# Midlife carrot (C59) end goal rant..



## Bykeme (Dec 7, 2012)

First post this forum riders so hello to all. I'm the midlife guy who planning 
to revisit youth and drop 30 pounds and no longer exist as a slug beyond work, extra work, sleep and family. The time to accomplish my goal is 6 months starting (1/15).
At end to either purchase a C59 or spend the same and go see the TdF in July. 
This subsection has peeked my attention as I've always coveted Colnago. Does anybody know of a midwest dealer that has C59 Colnago to test ride and also size to fit correctly? I'd like to ride one before writing the check. I really like the KOM frame pictured on the forum but I understand only 135 were made or going to be made (unverified). Any recommendations of where to fit or purchase would be appreciated. If there's a whos who for fitting this frame, I'd drive a few states from Kansas to accomplish the goal with confidence. I don't want to guess and be close on sizing, this will be my last build. 

Any input appreciated.


----------



## carbonLORD (Aug 2, 2004)

Bykeme said:


> First post this forum riders so hello to all.
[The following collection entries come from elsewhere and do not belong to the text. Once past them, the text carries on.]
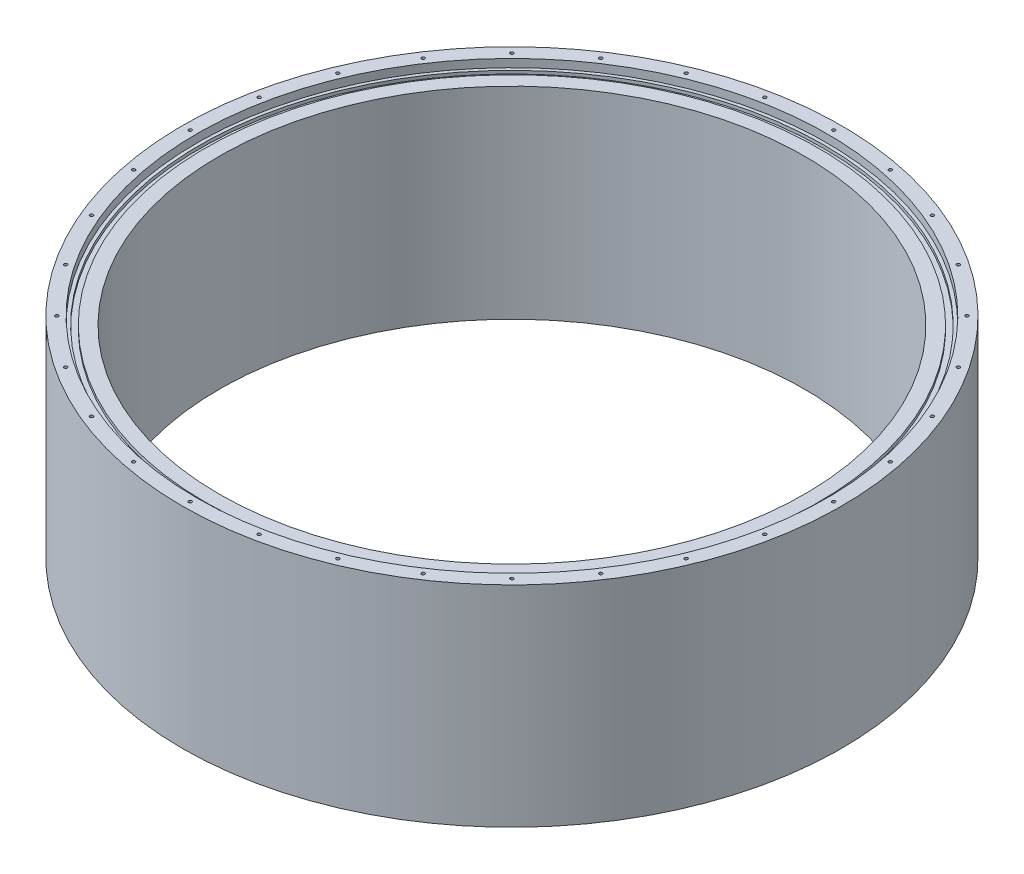
SolidWorks part; units mm, degrees
material "PVC Rigid"
ref_plane "Front" through (0, 0, 0) normal (0, 0, 1) x (1, 0, 0)
ref_plane "Top" through (0, 0, 0) normal (0, 1, 0) x (1, 0, 0)
ref_plane "Right" through (0, 0, 0) normal (1, 0, 0) x (0, 0, -1)
sketch "Sketch1" plane through (0, 0, 0) normal (0, 0, 1) x (1, 0, 0)
  line L0 (225.6, 74.685) -> (243, 74.685)
  line L1 (243, 74.685) -> (243, 80.885)
  line L2 (243, 80.885) -> (254, 80.885)
  line L3 (254, 80.885) -> (254, -80.885)
  line L4 (254, -80.885) -> (225.6, -80.885)
  line L5 (225.6, -80.885) -> (225.6, 74.685)
  line L6 (0, 80.885) -> (0, -80.885) construction
  line L7 (0, 0) -> (225.6, 0) construction
  dimension "D1" = 508
  dimension "D2" = 11
  dimension "D3" = 28.4
  dimension "D4" = 6.2
  dimension "D5" = 161.77
  dimension "D6" = 225.6
  dimension "D7" = 155.57
revolve "Revolve1" add sketch "Sketch1" angle 360 about L6
sketch "Sketch2" plane through (0, 0, 0) normal (0, 0, 1) x (1, 0, 0)
  line L0 (0, 80.885) -> (0, -80.885) construction
  line L1 (254, 80.885) -> (-254, 80.885) construction
  line L2 (-254, -80.885) -> (254, -80.885) construction
  line L3 (240.5, 72.272) -> (240.5, -77.587) construction
  line L4 (236.3344, 74.685) -> (240.5, 74.685)
  line L5 (236.3344, 74.685) -> (236.3344, 72.272)
  line L6 (236.3344, 72.272) -> (240.5, 72.272)
  line L7 (240.5, 74.685) -> (240.5, 72.272)
  line L8 (225.6, 74.685) -> (-225.6, 74.685) construction
  line L9 (225.6, 74.685) -> (-225.6, 74.685) construction
  line L10 (254, -80.885) -> (254, 80.885) construction
  line L12 (236.3344, -78.472) -> (240.5, -78.472) construction
  line L13 (236.3344, -78.472) -> (236.3344, -80.885) construction
  line L14 (236.3344, -80.885) -> (240.5, -80.885) construction
  line L15 (240.5, -78.472) -> (240.5, -80.885) construction
  dimension "D1" = 13.5
  dimension "D2" = 2.413
  dimension "D3" = 4.1656
revolve "Cut-Revolve1" cut sketch "Sketch2" angle 360 about L0
hole_wizard "M3x0.5 Tapped Hole1" positions "Sketch3" profile "Sketch4" tap size "M3x0.5" standard "ANSI Metric"
sketch "Sketch3" plane through (0, 80.885, 0) normal (0, 1, 0) x (1, 0, 0)
  point P0 (248, 0)
  dimension "D1" = 248
sketch "Sketch4" plane through (248, 80.885, 0) normal (1, 0, 0) x (0, 0, 1)
  line L0 (0, 0) -> (0, 10.2511)
  line L1 (0, 10.2511) -> (1.25, 9.5)
  line L2 (1.25, 9.5) -> (1.25, 0)
  line L5 (1.25, 0) -> (0, 0)
  line L10 (0, 10.2511) -> (-1.25, 9.5) construction
  line L11 (0, -6.35) -> (0, 107.95) construction
  dimension "Tap Drill Dia." = 2.5
  dimension "Tap Drill Depth" = 9.5
  dimension "Drill Angle" = 118
cosmetic thread "Hole Thread1" parameters "D1"=8, "D2"=3
pattern_circular "CirPattern1" count 32 over 360 about axis through (0, 0, 0) along (0, 1, 0) of "M3x0.5 Tapped Hole1"
mirror "Mirror1" about plane through (0, 0, 0) normal (0, 1, 0) of "CirPattern1", "M3x0.5 Tapped Hole1"
hole_wizard "Ø5.0mm Dowel Hole1" positions "Sketch5" profile "Sketch6" hole size "Ø5.0" standard "ANSI Metric"
sketch "Sketch5" plane through (0, -80.885, 0) normal (0, -1, 0) x (-1, 0, 0)
  line L2 (0, 0) -> (0, 204.5498) construction
  line L3 (-24.2102, 245.8106) -> (0, 0) construction
  line L4 (0, 0) -> (24.9245, -253.0623) construction
  circle A1 centre (0, 0) radius 247
  point P6 (-24.2102, 245.8106)
  point P8 (24.2102, -245.8106)
  dimension "D2" = 494
  dimension "D1" = 5.625
sketch "Sketch6" plane through (-24.2102, -80.885, 245.8106) normal (1, 0, 0) x (0, 0, -1)
  line L0 (0, 0) -> (0, 21.0172)
  line L1 (0, 21.0172) -> (2.525, 19.5)
  line L2 (2.525, 19.5) -> (2.525, 0)
  line L5 (2.525, 0) -> (0, 0)
  line L10 (0, 21.0172) -> (-2.525, 19.5) construction
  line L11 (0, -6.35) -> (0, 107.95) construction
  dimension "Hole Dia." = 5.05
  dimension "Hole Depth" = 19.5
  dimension "Drill Angle" = 118

I'm the midlife guy who planning
> to revisit youth and drop 30 pounds and no longer exist as a slug beyond work, extra work, sleep and family. The time to accomplish my goal is 6 months starting (1/15).
> At end to either purchase a C59 or spend the same and go see the TdF in July.
> This subsection has peeked my attention as I've always coveted Colnago. Does anybody know of a midwest dealer that has C59 Colnago to test ride and also size to fit correctly? I'd like to ride one before writing the check. I really like the KOM frame pictured on the forum but I understand only 135 were made or going to be made (unverified). Any recommendations of where to fit or purchase would be appreciated. If there's a whos who for fitting this frame, I'd drive a few states from Kansas to accomplish the goal with confidence. I don't want to guess and be close on sizing, this will be my last build.
> ...


Well, interesting. Send me a PM.


----------



## colorider7 (Jun 14, 2012)

Bykeme said:


> First post this forum riders so hello to all. I'm the midlife guy who planning
> to revisit youth and drop 30 pounds and no longer exist as a slug beyond work, extra work, sleep and family. The time to accomplish my goal is 6 months starting (1/15).
> At end to either purchase a C59 or spend the same and go see the TdF in July.
> This subsection has peeked my attention as I've always coveted Colnago. Does anybody know of a midwest dealer that has C59 Colnago to test ride and also size to fit correctly? I'd like to ride one before writing the check. I really like the KOM frame pictured on the forum but I understand only 135 were made or going to be made (unverified). Any recommendations of where to fit or purchase would be appreciated. If there's a whos who for fitting this frame, I'd drive a few states from Kansas to accomplish the goal with confidence. I don't want to guess and be close on sizing, this will be my last build.
> ...


I recently purchased that exact bike (C59 / KOM) from City Velo in Denver (reasonably close perhaps, depending on where you are in Kansas). The owner (Dennis Fresquez) keeps numerous high-end bikes on hand to test ride, and depending on your size, he may have something for you to try in the C59 (he has more M10s and CX-1s on hand). He is an authorized Colnago dealer and I had a very good experience -- great shop and the head mechanic (Charles) is amazing. If you go with the C59, you won't regret it -- truly an amazing machine. Good riding... Colorider


----------



## enr1co (Oct 30, 2009)

colorider7 said:


> If you go with the C59, you won't regret it -- truly an amazing machine. Good riding... Colorider


Welcome to the Colnago corner! 

Get the C 59 now and you will be guaranteed to lose 30 lbs- you will want to be on the bike every awaken moment! I picked one up last month and have probably already lost ~5 lbs riding it in the cold and wet - should be a stick man by the time APR comes  

Also, start making plans to see the Tour- now! Dont wait as long as I did - after yearning for some 25 years, was FINALLY able to catch a glimpse of the event at the final stage on the Champs Elysee last July. 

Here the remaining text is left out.